Organizing tax documents can be daunting, especially for families with members with special needs who know the cost of care is substantial. However, with proper planning, you can likely reduce these costs by maximizing your tax strategies.

What tax credits may be available to me?

Depending on your income and your dependent’s age and income, you should look into the following tax credits:

  • Child tax credit –This credit is $2,000 for each qualifying child under 17 for 2024.
  • Dependent Care – Up to 35 percent of daycare expenses are incurred while the taxpayer works or seeks employment.
  • Earned Income Tax Credit – For low- to moderate-income families with children under 19 (up to age 23, if children are full-time students). This also applies to adults with disabilities who work.
  • Elderly Disabled – For individuals 65 or older who are filing income taxes.
  • Disability income from a previous employer’s benefit plan – Eligibility depends on income level.
  • Other dependent tax credit — A credit of $500 may be available for dependents, other qualifying relatives, and even qualified dependents who are not related to the taxpayer, age 17 and older (including parents/grandparents).
  • Qualified retirement savings contributions credit — For contributions to ABLE accounts by designated beneficiaries.

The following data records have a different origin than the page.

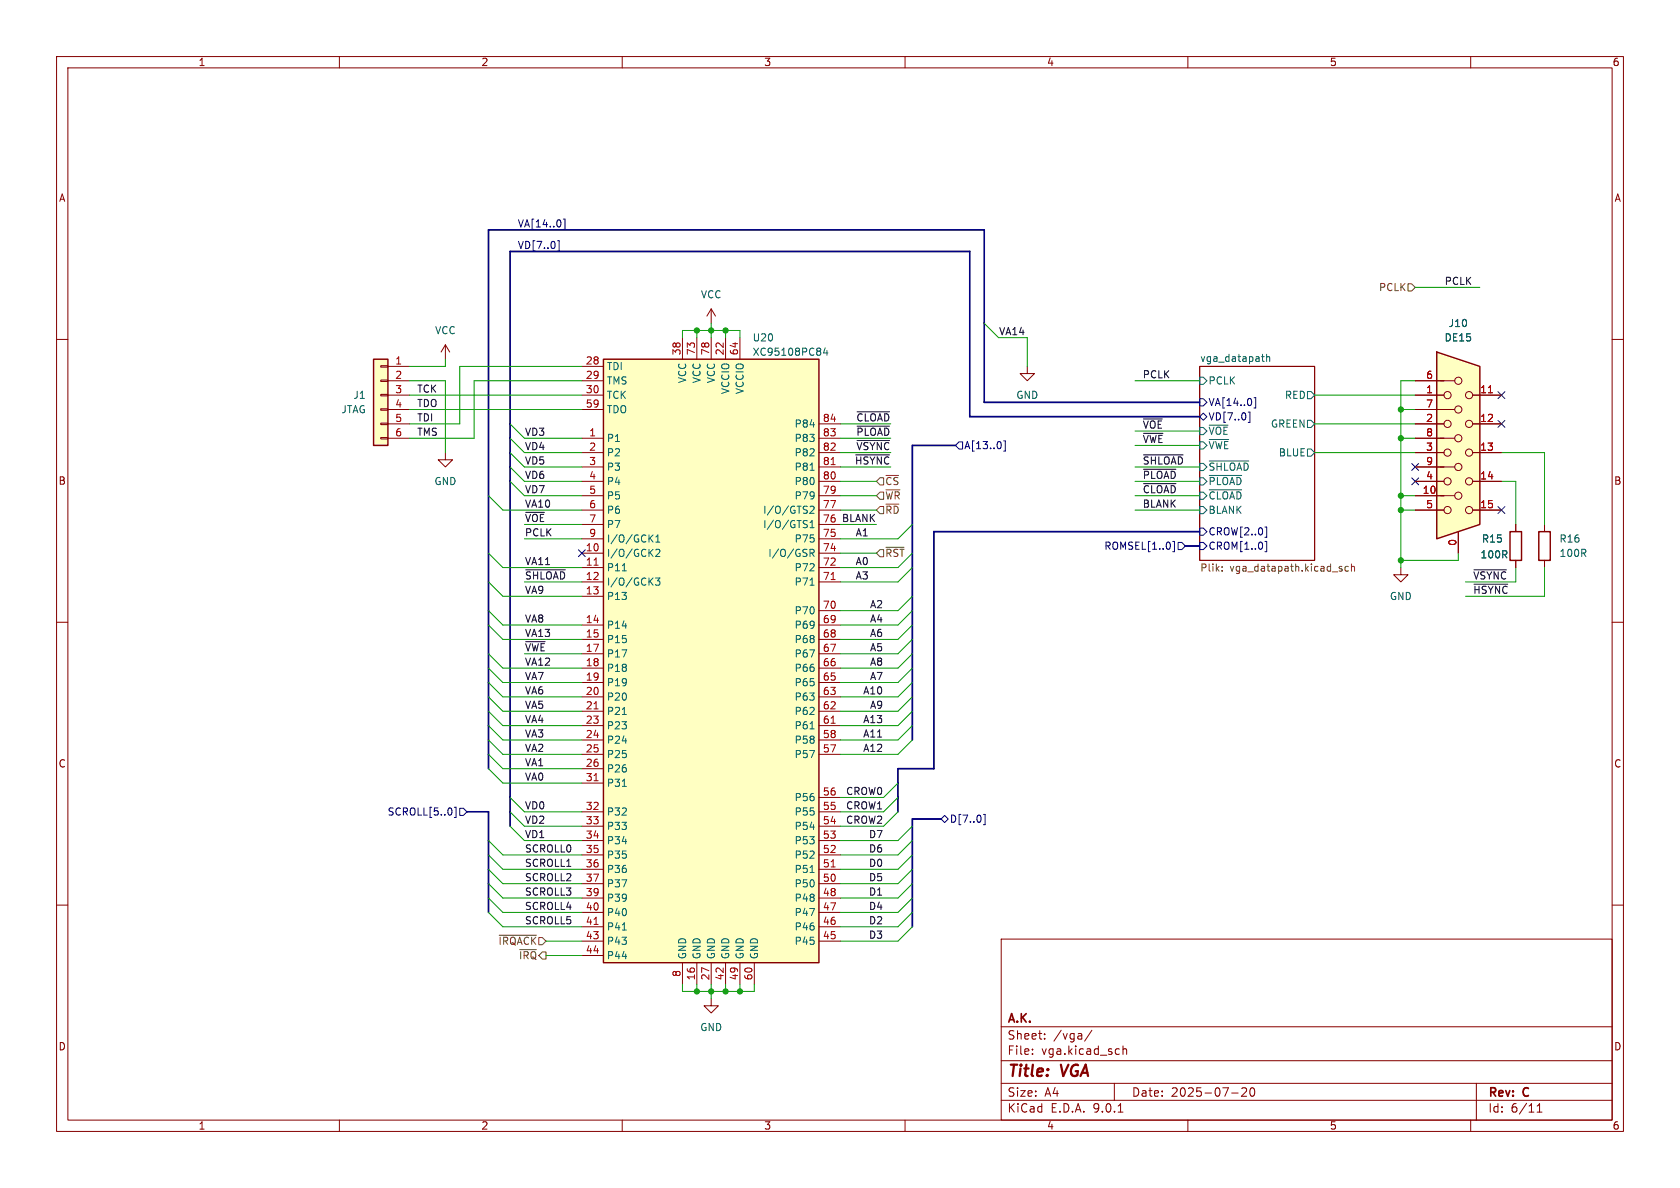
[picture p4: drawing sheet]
<svg xmlns="http://www.w3.org/2000/svg" width="297mm" height="210mm" viewBox="0 0 297 210" stroke-linecap="round" stroke-linejoin="round" font-family="sans-serif">
<g fill="none" stroke="#840000" stroke-width=".18">
<path d="M10 10h277v190h-277zM12 12h273v186h-273zM60 10v2M110 10v2M160 10v2M210 10v2M260 10v2M10 60h2M212.1 64.8h20.3v34.3h-20.3zM285 60h2M10 110h2M247.6 100.3v1.3h1.3l-1.3 1.3-1.2-1.3h1.2"/>
<path d="M285 110h2M10 160h2M125.7 176.5v1.3h1.3l-1.3 1.3-1.2-1.3h1.2M177 166h108v32h-108zM285 160h2M60 198v2M110 198v2M160 198v2M177 194.5h108M177 191.5h108M177 187.5h108M177 181.5h108"/>
<path d="M182.5 186.3v.1M182.5 185.5v.1M184.7 183.6v.1M184.7 182.8v.1M193 182.1l-1.3 2M197 191.5v3M197.7 196.6h.8M198.5 184.9v1.5M198.5 185.5l.2-.1 .4 .1 .1 .9M210 198v2M217.7 193.2h1.2M219.5 192.4l.6-.1 .2 .1 .1 .3-.9 1.1h.9"/>
<path d="M221.1 192.4l.2-.1a.81 .81 0 0 1 .6 .6 .81 .81 0 0 1-.3 .8l-.1 .1a.81 .81 0 0 1-.4-1.4zM260 198v2M261 191.5v6.5M271.7 196.6h.9M271.7 195.5l.5-.4v1.5"/>
</g>
<g fill="none" stroke="#006464" stroke-width=".18">
<path d="M212.1 66.7h.6l.7 .6-.7 .6h-.6zM212.1 75.6h.6l.7 .6-.7 .6h-.6zM212.1 78.1h.6l.7 .6-.7 .7h-.6zM213.8 75.2h3.3M213.8 77.7h3.4M223 63h.5M223.3 63.8l.2 .1M223.9 63.2l.2-.2 .3 .1 .1 .8M223.9 62.6v1.3M231.1 79.4h.7l.6 .6-.6 .6h-.7zM231.1 74.3h.7l.6 .6-.6 .7h-.7zM231.1 69.2h.7l.6 .7-.6 .6h-.7z"/>
<path d="M212.1 89.5h.6l.7 .7-.7 .6h-.6zM212.1 87h.6l.7 .6-.7 .7h-.6zM212.1 84.5h.6l.7 .6-.7 .6h-.6zM212.1 81.9h.6l.7 .7-.7 .6h-.6zM213.8 86.6h5.7M213.8 84h5.7M213.8 81.5h7"/>
</g>
<path d="M212.1 70.5h.6l.7 .6-.7 .7h-.6zM212.1 73.7l.6-.7 .7 .7-.7 .6zM221 72.8v1.9h-.3M221.7 70.3h.3v1.8h-.3M212.1 95.9h.6l.7 .6-.7 .7h-.6zM212.1 93.3h.6l.7 .7-.7 .6h-.6zM223.6 95.7h.3v1.8h-.3M223.6 93.2h.3v1.8h-.3" fill="none" stroke="#000084" stroke-width=".18"/>
<path d="M238.9 99.7v1.3M216.1 100.8v.2M216.1 100.2v.1M236.9 100.5l.3 .1 .1 .2-.2 .2h-.2M236.9 100.1l.3 .1M238.4 100.2l-.4-.1-.2 .3 .1 .5h.5M238.9 100.2l.2-.1 .3 .1 .1 .8" fill="none" stroke="#725600" stroke-width=".18"/>
<path d="M254 62.2l7.6 2.6v27.9l-7.6 2.6z" fill="#ffffc2"/>
<path d="M254 62.2l7.6 2.6v27.9l-7.6 2.6z" fill="none" stroke="#840000" stroke-width=".25"/>
<g fill="none" stroke="#840000" stroke-width=".18">
<path d="M250.2 72.4h7M250.2 67.3h7M250.2 77.5h7M250.2 69.9h5.1M250.2 74.9h5.1M260.3 69.9h5.1M260.3 74.9h5.1M250.2 82.6h7M250.2 87.6h7M250.2 80h5.1M250.2 85.1h5.1M250.2 90.2h5.1"/>
<path d="M257.8 94v3.8M260.3 80h5.1M260.3 85.1h5.1M260.3 90.2h5.1"/>
<circle cx="255.9" cy="69.8" r=".63"/>
<circle cx="255.9" cy="74.9" r=".63"/>
<circle cx="257.8" cy="67.3" r=".63"/>
<circle cx="257.8" cy="72.4" r=".63"/>
<circle cx="257.8" cy="77.5" r=".63"/>
<circle cx="259.7" cy="69.8" r=".63"/>
<circle cx="259.7" cy="74.9" r=".63"/>
<circle cx="255.9" cy="85.1" r=".63"/>
<circle cx="255.9" cy="80" r=".63"/>
<circle cx="255.9" cy="90.2" r=".63"/>
<circle cx="257.8" cy="87.6" r=".63"/>
<circle cx="257.8" cy="82.5" r=".63"/>
<circle cx="259.7" cy="80" r=".63"/>
<circle cx="259.7" cy="85.1" r=".63"/>
<circle cx="259.7" cy="90.2" r=".63"/>
</g>
<path d="M263.1 69.4h.8" fill="none" stroke="#a90000" stroke-width=".18"/>
<path d="M106.7 63.5h38.1v106.7h-38.1z" fill="#ffffc2"/>
<path d="M106.7 63.5h38.1v106.7h-38.1zM267 94h2v5.1h-2zM272 94h2.1v5.1h-2.1z" fill="none" stroke="#840000" stroke-width=".25"/>
<g fill="none" stroke="#840000" stroke-width=".18">
<path d="M120.6 59.7v3.8M123.2 59.7v3.8M125.7 54.6v2.6M125.7 59.7v3.8M125.7 54.6l-.7 1.3M125.7 54.6l.8 1.3M128.3 59.7v3.8M130.8 59.7v3.8M102.9 64.8h3.8M102.9 67.3h3.8M102.9 69.9h3.8M102.9 72.4h3.8"/>
<path d="M102.9 77.5h3.8M144.8 77.5h3.8M144.8 74.9h3.8M78.7 80v1.3h1.3l-1.3 1.3-1.2-1.3h1.2M102.9 80h3.8M102.9 82.6h3.8M102.9 85.1h3.8M102.9 87.6h3.8M102.9 90.2h3.8M102.9 92.7h3.8M102.9 95.3h3.8M102.9 97.8h3.8"/>
<path d="M144.8 80h3.8M144.8 82.6h3.8M144.8 85.1h3.8M144.8 87.6h3.8M144.8 90.2h3.8M144.8 92.7h3.8M144.8 95.3h3.8M144.8 97.8h3.8M268 92.7v1.3M268 99.1v1.2M273 92.7v1.3M273 99.1v1.2"/>
<path d="M102.9 100.3h3.8M102.9 102.9h3.8M102.9 105.4h3.8M102.9 110.5h3.8M102.9 113h3.8M102.9 115.6h3.8M102.9 118.1h3.8M144.8 100.3h3.8M144.8 102.9h3.8M144.8 110.5h3.8M144.8 113h3.8M144.8 115.6h3.8"/>
<path d="M144.8 118.1h3.8M144.8 108h3.8M102.9 120.7h3.8M102.9 123.2h3.8M102.9 125.7h3.8M102.9 128.3h3.8M102.9 130.8h3.8M102.9 133.4h3.8M102.9 135.9h3.8M102.9 138.4h3.8M144.8 120.7h3.8M144.8 123.2h3.8"/>
<path d="M144.8 125.7h3.8M144.8 128.3h3.8M144.8 130.8h3.8M144.8 133.4h3.8M102.9 143.5h3.8M102.9 146.1h3.8M102.9 148.6h3.8M102.9 151.1h3.8M102.9 153.7h3.8M102.9 156.2h3.8M102.9 158.8h3.8M144.8 143.5h3.8"/>
<path d="M144.8 146.1h3.8M144.8 148.6h3.8M144.8 151.1h3.8M144.8 153.7h3.8M144.8 156.2h3.8M144.8 158.8h3.8M144.8 141h3.8M102.9 161.3h3.8M102.9 163.8h3.8M102.9 166.4h3.8M102.9 168.9h3.8M120.6 170.2v3.8"/>
<path d="M123.2 170.2v3.8M125.7 170.2v3.8M128.3 170.2v3.8M130.8 170.2v3.8M133.3 170.2v3.8M144.8 161.3h3.8M144.8 163.8h3.8M144.8 166.4h3.8"/>
</g>
<g fill="none" stroke="#006464" stroke-width=".18">
<path d="M145.9 61.5l-.3 .9h.8M146.2 62v.8M114.9 95.1l.6 .7M114.9 97.6l.6 .8M115.5 94.6l-.8 .7M115.5 97.1l-.8 .7M115.9 95.8h.8M115.9 94.9l.4-.3v1.2M115.9 97.2l.5-.1 .3 .4-.8 .9h.8M142.5 92.7l.2 .2-.2 .4M142.5 92l.2 .1M143.2 97.8l.6-.1 .1-.2v-.3l-.7-.1v1.3"/>
<path d="M143.2 83.1h.7M143.2 89.6l.5-.1 .2 .3-.8 .9h.8M143.2 93.3h.7M143.2 92.4l.4-.4v1.3M143.5 97.8l.4 .6M110 100.9h.7M114.9 102.7l.6 .7M115.5 102.2l-.8 .7M115.9 102.2h.8l-.5 .5 .4 .1v.5l-.2 .1-.5-.1M143.2 103.4h.7M110 126.3h.7M110 139h.7"/>
<path d="M143.2 128.8h.7M143.2 154.2h.7M110 164.4h.7"/>
</g>
<path d="M105 99.9h.7M146.9 82.1h.8M146.9 102.5h.8M105 125.3h.7M105 138h.7M146.9 127.9h.8M146.9 153.3h.8M105 163.4h.7" fill="none" stroke="#a90000" stroke-width=".18"/>
<path d="M66 63.5h2.6v15.2h-2.6z" fill="#ffffc2"/>
<path d="M66 63.5h2.6v15.2h-2.6z" fill="none" stroke="#840000" stroke-width=".25"/>
<g fill="none" stroke="#840000" stroke-width=".18">
<path d="M67.3 64.6h1.3v.3h-1.3zM67.3 67.2h1.3v.2h-1.3zM67.3 69.7h1.3v.3h-1.3zM67.3 72.3h1.3v.2h-1.3zM67.3 74.8h1.3v.3h-1.3zM67.3 77.3h1.3v.3h-1.3zM68.6 64.8h3.8M68.6 67.3h3.8M68.6 69.9h3.8M68.6 72.4h3.8M68.6 74.9h3.8M68.6 77.5h3.8"/>
<path d="M78.7 61l-.7 1.2M78.7 61l.8 1.2M78.7 61v2.5M181.6 64.8v1.2h1.3l-1.3 1.3-1.3-1.3h1.3M250.2 67.3h5.1M250.2 69.9h5.1M250.2 72.4h5.1M250.2 74.9h5.1M250.2 77.5h5.1M260.3 69.9h5.1M260.3 74.9h5.1M250.2 80h5.1"/>
<path d="M250.2 82.6h5.1M250.2 85.1h5.1M250.2 87.6h5.1M250.2 90.2h5.1M257.8 94v3.8M260.3 80h5.1M260.3 85.1h5.1M260.3 90.2h5.1M268 92.7v1.3M268 99.1v1.2"/>
</g>
<path d="M248.9 50.2h.7l.6 .6-.6 .6h-.7zM154.9 97.8l.7-.6h.6v1.2h-.6zM154.9 87.6l.7-.6h.6v1.3h-.6zM154.9 85.1l.7-.6h.6v1.2h-.6zM155.6 89.5h.6v1.3h-.6l-.7-.6zM156.6 96.7h3.2M88.3 165.3h6.5M91.9 167.9h2.9" fill="none" stroke="#725600" stroke-width=".18"/>
<g fill="none" stroke="#000084" stroke-width=".18">
<path d="M99.6 38.7h.3v1.9h-.3M98.6 42.5h.3v1.9h-.3M169.5 78.1h.7v1.3h-.7l-.6-.7zM176.9 78.3v.8M177.4 77.9h.3v1.8h-.3M264.8 74.3l1.2 1.2M264.8 69.2l1.2 1.3M266 74.3l-1.2 1.2M266 69.2l-1.2 1.3M102.3 97.2l1.2 1.2M103.5 97.2l-1.2 1.2M207.3 95.7h.3v1.8h-.3"/>
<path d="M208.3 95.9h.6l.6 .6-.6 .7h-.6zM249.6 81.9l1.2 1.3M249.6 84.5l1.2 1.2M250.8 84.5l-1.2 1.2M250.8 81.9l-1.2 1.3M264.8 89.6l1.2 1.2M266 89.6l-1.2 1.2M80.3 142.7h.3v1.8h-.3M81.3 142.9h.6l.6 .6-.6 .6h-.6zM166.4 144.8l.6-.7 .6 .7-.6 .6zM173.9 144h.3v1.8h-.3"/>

Can I deduct medical expenses?

Deductible medical expenses include prescription drugs, over-the-counter insulin and/or syringes, dental costs, psychological or psychiatric services, premiums paid for Medicare Part B, and the cost of guide dogs, wheelchairs, etc. However, don’t forget about the often-overlooked deductions listed below.[1]

  • Medical travel and transportation: The cost of travel to a medical facility, not including trips to improve general health, is deductible. If you use your automobile, you may deduct a certain amount based on miles traveled.
  • Special schools: If your child attends a qualifying special school, you may deduct the entire unreimbursed cost as a medical expense. In addition to tuition, the costs can include lodging, meals, transportation, incidental education costs, supervision at the school, treatment, and training. Private tutoring expenses may also qualify.
  • Capital expenditures: If a physician recommends that a capital improvement be made to your home for medical reasons, you may deduct the cost over the increase in your home’s fair market value (FMV). The total cost may be deductible if the recommendation is to remove structural barriers.
  • Nursing home and long-term care: Expenses incurred in a nursing home or long-term care (LTC) facility are deductible if you are chronically ill or the facility is primarily for medical care. In most cases, facilities mainly provide custodial care. The medical care component may be deductible if separately stated on the bill. You may also deduct a portion of the cost of LTC insurance premiums.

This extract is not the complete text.